DIRECTIONS: Using the records below, repeat exactly the lines from the one holding "#14762 = ADVANCED_FACE" through the one holding "#28754 = CARTESIAN_POINT", both ends included, and no others.

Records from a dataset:
Start of Block
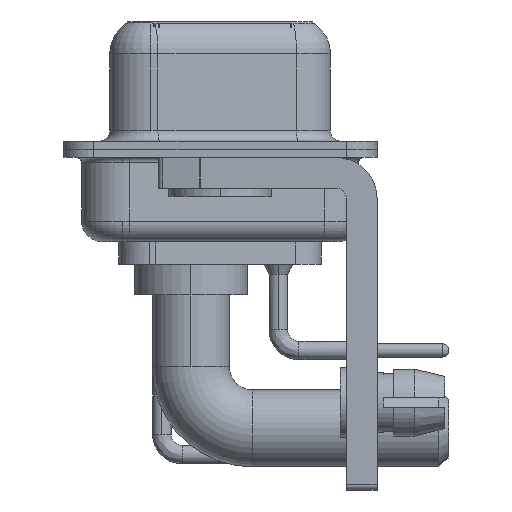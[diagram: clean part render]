
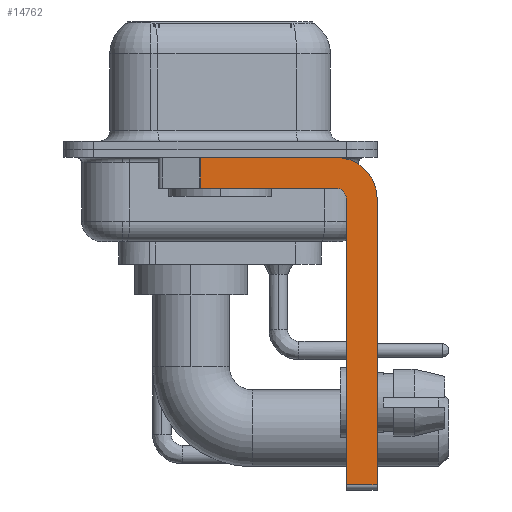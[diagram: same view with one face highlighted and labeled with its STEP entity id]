
A CAD part, left-side view. The second image highlights one B-rep face of the part: STEP entity #14762.
In plain terms, the highlighted planar face has unit normal (-1, 0, 0).
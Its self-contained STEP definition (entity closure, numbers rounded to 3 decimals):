
#224 = LINE ( 'NONE', #16806, #29640 ) ;
#698 = EDGE_CURVE ( 'NONE', #21235, #27137, #23874, .T. ) ;
#799 = ORIENTED_EDGE ( 'NONE', *, *, #13744, .F. ) ;
#1162 = EDGE_CURVE ( 'NONE', #33202, #16290, #27700, .T. ) ;
#1619 = AXIS2_PLACEMENT_3D ( 'NONE', #22233, #13235, #7358 ) ;
#1814 = ORIENTED_EDGE ( 'NONE', *, *, #33351, .T. ) ;
#1931 = CARTESIAN_POINT ( 'NONE',  ( -2.9, -5.65, -1.9 ) ) ;
#2592 = CARTESIAN_POINT ( 'NONE',  ( -2.9, -7.65, -2.4 ) ) ;
#2836 = CARTESIAN_POINT ( 'NONE',  ( -2.9, 0.978, -1.9 ) ) ;
#4672 = VECTOR ( 'NONE', #6950, 1000. ) ;
#6358 = VERTEX_POINT ( 'NONE', #12245 ) ;
#6875 = CARTESIAN_POINT ( 'NONE',  ( -2.9, -6.15, -16.35 ) ) ;
#6950 = DIRECTION ( 'NONE',  ( 0., 1., 0. ) ) ;
#7358 = DIRECTION ( 'NONE',  ( 0., 0., -1. ) ) ;
#7416 = DIRECTION ( 'NONE',  ( 0., -1., 0. ) ) ;
#8097 = VERTEX_POINT ( 'NONE', #25454 ) ;
#8476 = AXIS2_PLACEMENT_3D ( 'NONE', #9347, #26274, #34347 ) ;
#9347 = CARTESIAN_POINT ( 'NONE',  ( -2.9, -5.65, -2.4 ) ) ;
#10268 = EDGE_CURVE ( 'NONE', #16290, #21235, #20741, .T. ) ;
#10754 = VECTOR ( 'NONE', #27327, 1000. ) ;
#11011 = FACE_OUTER_BOUND ( 'NONE', #13887, .T. ) ;
#11871 = DIRECTION ( 'NONE',  ( 0., -1., 0. ) ) ;
#12245 = CARTESIAN_POINT ( 'NONE',  ( -2.9, 0.978, -0.4 ) ) ;
#12428 = EDGE_CURVE ( 'NONE', #6358, #27137, #224, .T. ) ;
#13235 = DIRECTION ( 'NONE',  ( 1., 0., 0. ) ) ;
#13590 = EDGE_CURVE ( 'NONE', #24526, #23836, #19670, .T. ) ;
#13744 = EDGE_CURVE ( 'NONE', #8097, #24526, #24337, .T. ) ;
#13887 = EDGE_LOOP ( 'NONE', ( #33103, #19713, #18801, #13941, #35571, #1814, #21103, #799 ) ) ;
#13941 = ORIENTED_EDGE ( 'NONE', *, *, #10268, .F. ) ;
#14249 = AXIS2_PLACEMENT_3D ( 'NONE', #33777, #14308, #25518 ) ;
#14308 = DIRECTION ( 'NONE',  ( -1., 0., 0. ) ) ;
#14762 = ADVANCED_FACE ( 'NONE', ( #11011 ), #27752, .F. ) ;
#16290 = VERTEX_POINT ( 'NONE', #27798 ) ;
#16806 = CARTESIAN_POINT ( 'NONE',  ( -2.9, 0.978, -1.9 ) ) ;
#17212 = LINE ( 'NONE', #22878, #17606 ) ;
#17606 = VECTOR ( 'NONE', #11871, 1000. ) ;
#18801 = ORIENTED_EDGE ( 'NONE', *, *, #698, .F. ) ;
#19670 = LINE ( 'NONE', #31049, #31983 ) ;
#19713 = ORIENTED_EDGE ( 'NONE', *, *, #12428, .T. ) ;
#20741 = CIRCLE ( 'NONE', #14249, 0.5 ) ;
#21103 = ORIENTED_EDGE ( 'NONE', *, *, #13590, .F. ) ;
#21235 = VERTEX_POINT ( 'NONE', #1931 ) ;
#21413 = LINE ( 'NONE', #32612, #25552 ) ;
#22233 = CARTESIAN_POINT ( 'NONE',  ( -2.9, -5.65, -2.4 ) ) ;
#22878 = CARTESIAN_POINT ( 'NONE',  ( -2.9, 3., -0.4 ) ) ;
#23836 = VERTEX_POINT ( 'NONE', #28754 ) ;
#23874 = LINE ( 'NONE', #29037, #4672 ) ;
#24337 = CIRCLE ( 'NONE', #8476, 2. ) ;
#24526 = VERTEX_POINT ( 'NONE', #2592 ) ;
#24767 = CARTESIAN_POINT ( 'NONE',  ( -2.9, -6.15, -16.6 ) ) ;
#25454 = CARTESIAN_POINT ( 'NONE',  ( -2.9, -5.65, -0.4 ) ) ;
#25518 = DIRECTION ( 'NONE',  ( 0., 0., 1. ) ) ;
#25552 = VECTOR ( 'NONE', #7416, 1000. ) ;
#25898 = EDGE_CURVE ( 'NONE', #6358, #8097, #17212, .T. ) ;
#26274 = DIRECTION ( 'NONE',  ( 1., 0., 0. ) ) ;
#27137 = VERTEX_POINT ( 'NONE', #2836 ) ;
#27327 = DIRECTION ( 'NONE',  ( 0., 0., 1. ) ) ;
#27700 = LINE ( 'NONE', #24767, #10754 ) ;
#27752 = PLANE ( 'NONE',  #1619 ) ;
#27798 = CARTESIAN_POINT ( 'NONE',  ( -2.9, -6.15, -2.4 ) ) ;
#28754 = CARTESIAN_POINT ( 'NONE',  ( -2.9, -7.65, -16.35 ) ) ;
#29037 = CARTESIAN_POINT ( 'NONE',  ( -2.9, -5.65, -1.9 ) ) ;
#29640 = VECTOR ( 'NONE', #30945, 1000. ) ;
#30945 = DIRECTION ( 'NONE',  ( 0., 0., -1. ) ) ;
#31049 = CARTESIAN_POINT ( 'NONE',  ( -2.9, -7.65, -2.4 ) ) ;
#31983 = VECTOR ( 'NONE', #33425, 1000. ) ;
#32612 = CARTESIAN_POINT ( 'NONE',  ( -2.9, -5.65, -16.35 ) ) ;
#33103 = ORIENTED_EDGE ( 'NONE', *, *, #25898, .F. ) ;
#33202 = VERTEX_POINT ( 'NONE', #6875 ) ;
#33351 = EDGE_CURVE ( 'NONE', #33202, #23836, #21413, .T. ) ;
#33425 = DIRECTION ( 'NONE',  ( 0., 0., -1. ) ) ;
#33777 = CARTESIAN_POINT ( 'NONE',  ( -2.9, -5.65, -2.4 ) ) ;
#34347 = DIRECTION ( 'NONE',  ( 0., 0., -1. ) ) ;
#35571 = ORIENTED_EDGE ( 'NONE', *, *, #1162, .F. ) ;
End of Block
RESULT BELOW:
#14762 = ADVANCED_FACE ( 'NONE', ( #11011 ), #27752, .F. ) ;
#16290 = VERTEX_POINT ( 'NONE', #27798 ) ;
#16806 = CARTESIAN_POINT ( 'NONE',  ( -2.9, 0.978, -1.9 ) ) ;
#17212 = LINE ( 'NONE', #22878, #17606 ) ;
#17606 = VECTOR ( 'NONE', #11871, 1000. ) ;
#18801 = ORIENTED_EDGE ( 'NONE', *, *, #698, .F. ) ;
#19670 = LINE ( 'NONE', #31049, #31983 ) ;
#19713 = ORIENTED_EDGE ( 'NONE', *, *, #12428, .T. ) ;
#20741 = CIRCLE ( 'NONE', #14249, 0.5 ) ;
#21103 = ORIENTED_EDGE ( 'NONE', *, *, #13590, .F. ) ;
#21235 = VERTEX_POINT ( 'NONE', #1931 ) ;
#21413 = LINE ( 'NONE', #32612, #25552 ) ;
#22233 = CARTESIAN_POINT ( 'NONE',  ( -2.9, -5.65, -2.4 ) ) ;
#22878 = CARTESIAN_POINT ( 'NONE',  ( -2.9, 3., -0.4 ) ) ;
#23836 = VERTEX_POINT ( 'NONE', #28754 ) ;
#23874 = LINE ( 'NONE', #29037, #4672 ) ;
#24337 = CIRCLE ( 'NONE', #8476, 2. ) ;
#24526 = VERTEX_POINT ( 'NONE', #2592 ) ;
#24767 = CARTESIAN_POINT ( 'NONE',  ( -2.9, -6.15, -16.6 ) ) ;
#25454 = CARTESIAN_POINT ( 'NONE',  ( -2.9, -5.65, -0.4 ) ) ;
#25518 = DIRECTION ( 'NONE',  ( 0., 0., 1. ) ) ;
#25552 = VECTOR ( 'NONE', #7416, 1000. ) ;
#25898 = EDGE_CURVE ( 'NONE', #6358, #8097, #17212, .T. ) ;
#26274 = DIRECTION ( 'NONE',  ( 1., 0., 0. ) ) ;
#27137 = VERTEX_POINT ( 'NONE', #2836 ) ;
#27327 = DIRECTION ( 'NONE',  ( 0., 0., 1. ) ) ;
#27700 = LINE ( 'NONE', #24767, #10754 ) ;
#27752 = PLANE ( 'NONE',  #1619 ) ;
#27798 = CARTESIAN_POINT ( 'NONE',  ( -2.9, -6.15, -2.4 ) ) ;
#28754 = CARTESIAN_POINT ( 'NONE',  ( -2.9, -7.65, -16.35 ) ) ;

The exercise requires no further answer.